Start of SOURCE RECORDS

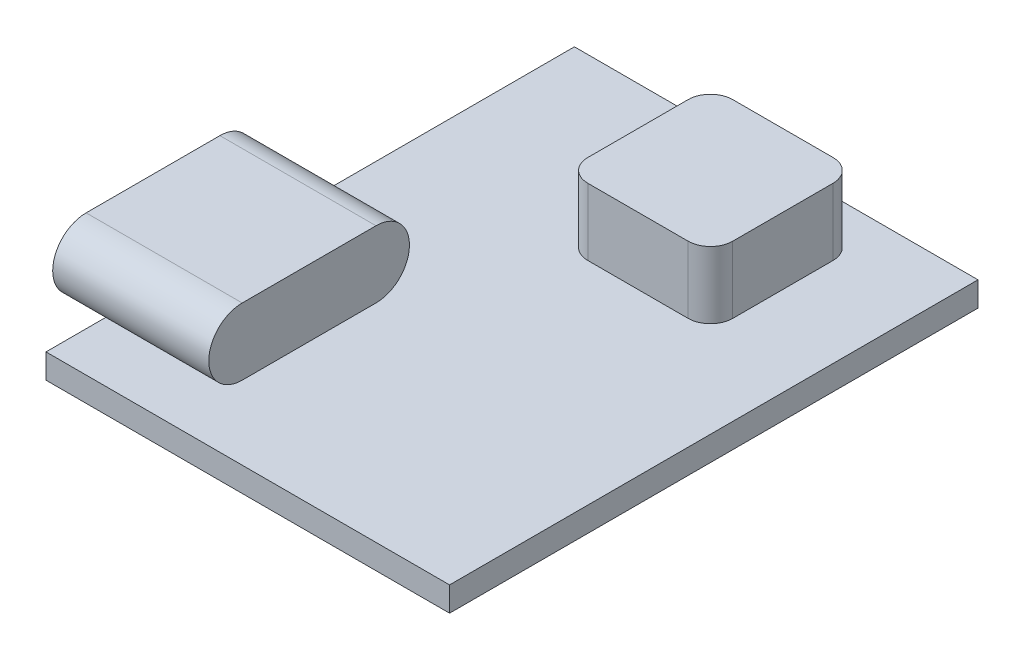
from build123d import *

# Parameters (mm, degrees)
SKETCH1_W                = 18.1
SKETCH1_H                = 23.7
BOSS_EXTRUDE1_DEPTH      = 1.1
BOSS_EXTRUDE2_DEPTH      = 1.5
BOSS_EXTRUDE2_DEPTH_BACK = 5.5
SHELL1_T                 = -0.3
SKETCH4_W                = 6.5
SKETCH4_H                = 6.5
BOSS_EXTRUDE3_DEPTH      = 3
FILLET1_R                = 1


with BuildPart() as part:
    # Sketch1 → Boss-Extrude1 (new body)
    with BuildSketch(Plane(origin=(0, 0, 0), x_dir=(1, 0, 0), z_dir=(0, 1, 0))):
        Rectangle(SKETCH1_W, SKETCH1_H)
    extrude(amount=BOSS_EXTRUDE1_DEPTH)


with BuildPart() as body_2:
    # Sketch3 → Boss-Extrude2 (new, two sides: drawn at the far end of the back side and taken through both)
    with BuildSketch(Plane.ZY.offset(9.05).offset(-BOSS_EXTRUDE2_DEPTH_BACK)):
        with BuildLine():
            Line((2.55, 4.1), (8.55, 4.1))
            ThreePointArc((8.55, 4.1), (10.05, 2.6), (8.55, 1.1))
            Line((8.55, 1.1), (2.55, 1.1))
            ThreePointArc((2.55, 1.1), (1.05, 2.6), (2.55, 4.1))
        make_face()
    extrude(amount=BOSS_EXTRUDE2_DEPTH + BOSS_EXTRUDE2_DEPTH_BACK)

    # Shell1
    shell1_openings = [body_2.faces().sort_by_distance(p)[0] for p in [
        (-10.55, 2.6, 5.55),
    ]]
    offset(amount=SHELL1_T, openings=shell1_openings, kind=Kind.INTERSECTION)


with BuildPart() as body_3:
    # Sketch4 → Boss-Extrude3 (new body)
    with BuildSketch(Plane(origin=(0, 1.1, 0), x_dir=(1, 0, 0), z_dir=(0, 1, 0))):
        with Locations((1.8, 7.1)):
            Rectangle(SKETCH4_W, SKETCH4_H)
    extrude(amount=BOSS_EXTRUDE3_DEPTH)

    # Fillet1
    fillet1_edges = [body_3.edges().sort_by_distance(p)[0] for p in [
        (-1.45, 2.6, -10.35),
        (5.05, 2.6, -10.35),
        (5.05, 2.6, -3.85),
        (-1.45, 2.6, -3.85),
    ]]
    fillet(fillet1_edges, radius=FILLET1_R)


solid = Compound([part.part, body_2.part, body_3.part])

End of SOURCE RECORDS

## WHAT IS REQUIRED
All pictures are to be dropped, and the records above returned exactly.

## SOLUTION
from build123d import *

# Parameters (mm, degrees)
SKETCH1_W                = 18.1
SKETCH1_H                = 23.7
BOSS_EXTRUDE1_DEPTH      = 1.1
BOSS_EXTRUDE2_DEPTH      = 1.5
BOSS_EXTRUDE2_DEPTH_BACK = 5.5
SHELL1_T                 = -0.3
SKETCH4_W                = 6.5
SKETCH4_H                = 6.5
BOSS_EXTRUDE3_DEPTH      = 3
FILLET1_R                = 1


with BuildPart() as part:
    # Sketch1 → Boss-Extrude1 (new body)
    with BuildSketch(Plane(origin=(0, 0, 0), x_dir=(1, 0, 0), z_dir=(0, 1, 0))):
        Rectangle(SKETCH1_W, SKETCH1_H)
    extrude(amount=BOSS_EXTRUDE1_DEPTH)


with BuildPart() as body_2:
    # Sketch3 → Boss-Extrude2 (new, two sides: drawn at the far end of the back side and taken through both)
    with BuildSketch(Plane.ZY.offset(9.05).offset(-BOSS_EXTRUDE2_DEPTH_BACK)):
        with BuildLine():
            Line((2.55, 4.1), (8.55, 4.1))
            ThreePointArc((8.55, 4.1), (10.05, 2.6), (8.55, 1.1))
            Line((8.55, 1.1), (2.55, 1.1))
            ThreePointArc((2.55, 1.1), (1.05, 2.6), (2.55, 4.1))
        make_face()
    extrude(amount=BOSS_EXTRUDE2_DEPTH + BOSS_EXTRUDE2_DEPTH_BACK)

    # Shell1
    shell1_openings = [body_2.faces().sort_by_distance(p)[0] for p in [
        (-10.55, 2.6, 5.55),
    ]]
    offset(amount=SHELL1_T, openings=shell1_openings, kind=Kind.INTERSECTION)


with BuildPart() as body_3:
    # Sketch4 → Boss-Extrude3 (new body)
    with BuildSketch(Plane(origin=(0, 1.1, 0), x_dir=(1, 0, 0), z_dir=(0, 1, 0))):
        with Locations((1.8, 7.1)):
            Rectangle(SKETCH4_W, SKETCH4_H)
    extrude(amount=BOSS_EXTRUDE3_DEPTH)

    # Fillet1
    fillet1_edges = [body_3.edges().sort_by_distance(p)[0] for p in [
        (-1.45, 2.6, -10.35),
        (5.05, 2.6, -10.35),
        (5.05, 2.6, -3.85),
        (-1.45, 2.6, -3.85),
    ]]
    fillet(fillet1_edges, radius=FILLET1_R)


solid = Compound([part.part, body_2.part, body_3.part])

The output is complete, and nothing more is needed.